ABOUT THIS TASK = Output the lines of the records from the one containing "If/1 -> If Action Subsystem/Action" through the last, both ends included. Leave pictures out.

INPUT FOR THIS TASK =

┄┄┄┄┄┄┄┄┄┄

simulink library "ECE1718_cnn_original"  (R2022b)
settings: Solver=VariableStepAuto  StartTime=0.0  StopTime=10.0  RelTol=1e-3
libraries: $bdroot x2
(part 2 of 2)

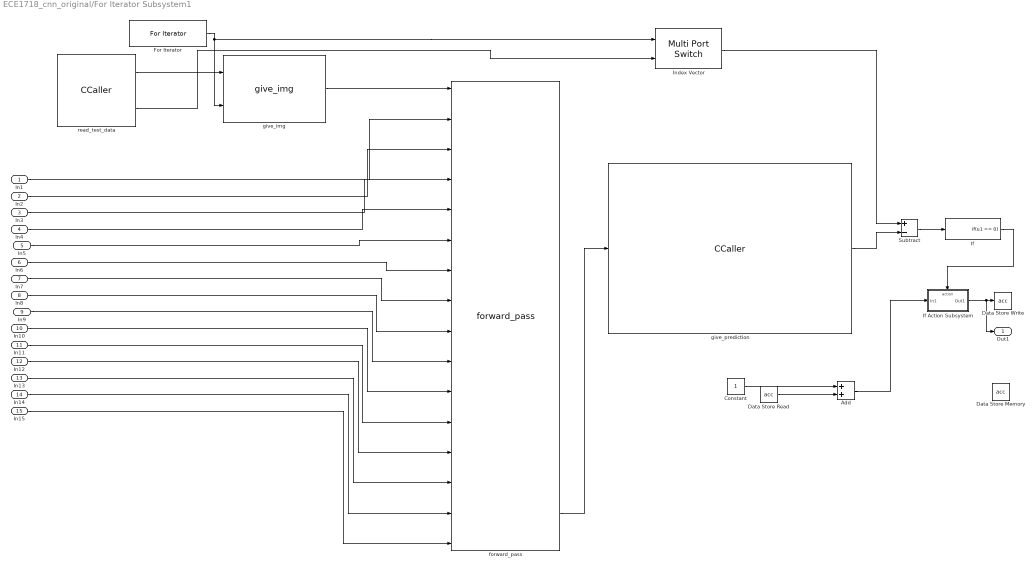
== system ECE1718_cnn_original/For Iterator Subsystem1 ==
  In1 : Inport
  In2 : Inport  Port=2
  In3 : Inport  Port=3
  In4 : Inport  Port=4
  In5 : Inport  Port=5
  In6 : Inport  Port=6
  In7 : Inport  Port=7
  In8 : Inport  Port=8
  In9 : Inport  Port=9
  In10 : Inport  Port=10
  In11 : Inport  Port=11
  In12 : Inport  Port=12
  In13 : Inport  Port=13
  In14 : Inport  Port=14
  In15 : Inport  Port=15
  Add : Sum
  Constant : Constant
  Data Store Memory : DataStoreMemory  DataStoreName=acc  WriteAfterWriteMsg=warning  ShowAdditionalParam=off
  Data Store Read : DataStoreRead  DataStoreName=acc  IndexOptions=Index vector (dialog)  Indices=1  OutputSizes=1
  Data Store Write : DataStoreWrite  DataStoreName=acc  IndexOptions=Index vector (dialog)  Indices=1  OutputSizes=1
  For Iterator : ForIterator  IterationLimit=600  IndexMode=Zero-based  IterationVariableDataType=double
  If : If  IfExpression=u1 == 0  ShowElse=off
  If Action Subsystem : Subsystem  TreatAsAtomicUnit=on
  Index Vector : MultiPortSwitch  DataPortOrder=Zero-based contiguous  Inputs=1  zeroidx=on  SaturateOnIntegerOverflow=off  InputSameDT=off
  Subtract : Sum  Inputs=+-
  forward_pass : $bdroot/For Iterator Subsystem/forward_pass  SampleTime=-1
  give_img : $bdroot/For Iterator Subsystem/give_img  SampleTime=-1
  give_prediction : CCaller  FunctionName=give_prediction  PortSpecificationStruct="%)30     .    V ,   8    (     @         %    \"     (    !     0         %  0 \"0    $    _    07)G3F%M90  4&]R=$YA;64 4V-O<&4     26YD97@     5'EP90      4VEZ90      27-';&]B86P   X    P    !@    @    $          4    (     0    ,    !         !   P!O=70 #@   #     &    \"     0         !0    @    !     P    $         $  # &]U=  .    .     8    (    !          %    \"     $    &     0         0    !@   $]U='!U=   #@   #@    &    \"     8         !0    @    !     0    $         \"0    @               X    X    !@    @    $          4    (     0    4    !         !     %    :6YT,S(    .    ,     8    (    !          %    \"     $    !     0         0  $ ,0    X    P    !@    @    ) @        4    (     0    $    !          (  0      #@   $     &    \"     0         !0    @    !    #0    $         $     T   !D96YS95]S;V9T;6%X    #@   $     &    \"     0         !0    @    !    #0    $         $     T   !D96YS95]S;V9T;6%X    #@   #@    &    \"     0         !0    @    !    !0    $         $     4   !);G!U=     X    X    !@    @    &          4    (     0    $    !          D    (               .    .     8    (    !          %    \"     $    &     0         0    !@   &1O=6)L90  #@   #     &    \"     0         !0    @    !     @    $         $  \" #$P   .    ,     8    (    \"0(        %    \"     $    !     0         \"  $"
  read_test_data : CCaller  FunctionName=read_test_data  PortSpecificationStruct="%)30     .    \" 0   8    (     @         %    \"     (    !     0         %  0 \"0    $    _    07)G3F%M90  4&]R=$YA;64 4V-O<&4     26YD97@     5'EP90      4VEZ90      27-';&]B86P   X   !     !@    @    $          4    (     0    D    !         !     )    9&%T85]T97-T          X   !     !@    @    $          4    (     0    D    !         !     )    9&%T85]T97-T          X    X    !@    @    $          4    (     0    8    !         !     &    3W5T<'5T   .    .     8    (    !@         %    \"     $    !     0         )    \"               #@   #@    &    \"     0         !0    @    !    !0    $         $     4   !U:6YT.     X    X    !@    @    $          4    (     0    <    !         !     '    -S@T,# P,  .    ,     8    (    \"0(        %    \"     $    !     0         \"  $       X   !     !@    @    $          4    (     0    H    !         !     *    ;&%B96Q?=&5S=         X   !     !@    @    $          4    (     0    H    !         !     *    ;&%B96Q?=&5S=         X    X    !@    @    $          4    (     0    8    !         !     &    3W5T<'5T   .    .     8    (    !@         %    \"     $    !     0         )    \"            / _#@   #@    &    \"     0         !0    @    !    !0    $         $     4   !U:6YT.     X    X    !@    @    $          4    (     0    4    !         !     %    ,3 P,#     .    ,     8    (    \"0(        %    \"     $    !     0         \"  $"
  Out1 : Outport
  wires:
  forward_pass/15 -> give_prediction/1
  In4/1 -> forward_pass/5
  In14/1 -> forward_pass/15
  In11/1 -> forward_pass/12
  In15/1 -> forward_pass/16
  In10/1 -> forward_pass/11
  In2/1 -> forward_pass/3
  In13/1 -> forward_pass/14
  In5/1 -> forward_pass/6
  read_test_data/1 -> give_img/1
  In3/1 -> forward_pass/4
  In12/1 -> forward_pass/13
  give_img/1 -> forward_pass/1
  In7/1 -> forward_pass/8
  In9/1 -> forward_pass/10
  In6/1 -> forward_pass/7
  In8/1 -> forward_pass/9
  In1/1 -> forward_pass/2
  For Iterator/1 -> Index Vector/1, give_img/2
  Subtract/1 -> If/1
  give_prediction/1 -> Subtract/2
  read_test_data/2 -> Index Vector/2
  Index Vector/1 -> Subtract/1
  If/1 -> If Action Subsystem/Action
  Add/1 -> If Action Subsystem/1(In1)
  If Action Subsystem/1(Out1) -> Out1/1, Data Store Write/1
  Data Store Read/1 -> Add/2
  Constant/1 -> Add/1

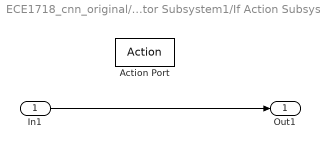
== system ECE1718_cnn_original/For Iterator Subsystem1/If Action Subsystem ==
  In1 : Inport
  Action Port : ActionPort  ActionPortLabel=if(u1 == 0)
  Out1 : Outport
  wires:
  In1/1 -> Out1/1

┄┄┄┄┄┄┄┄┄┄

EXERCISE SOLUTION =
  If/1 -> If Action Subsystem/Action
  Add/1 -> If Action Subsystem/1(In1)
  If Action Subsystem/1(Out1) -> Out1/1, Data Store Write/1
  Data Store Read/1 -> Add/2
  Constant/1 -> Add/1

== system ECE1718_cnn_original/For Iterator Subsystem1/If Action Subsystem ==
  In1 : Inport
  Action Port : ActionPort  ActionPortLabel=if(u1 == 0)
  Out1 : Outport
  wires:
  In1/1 -> Out1/1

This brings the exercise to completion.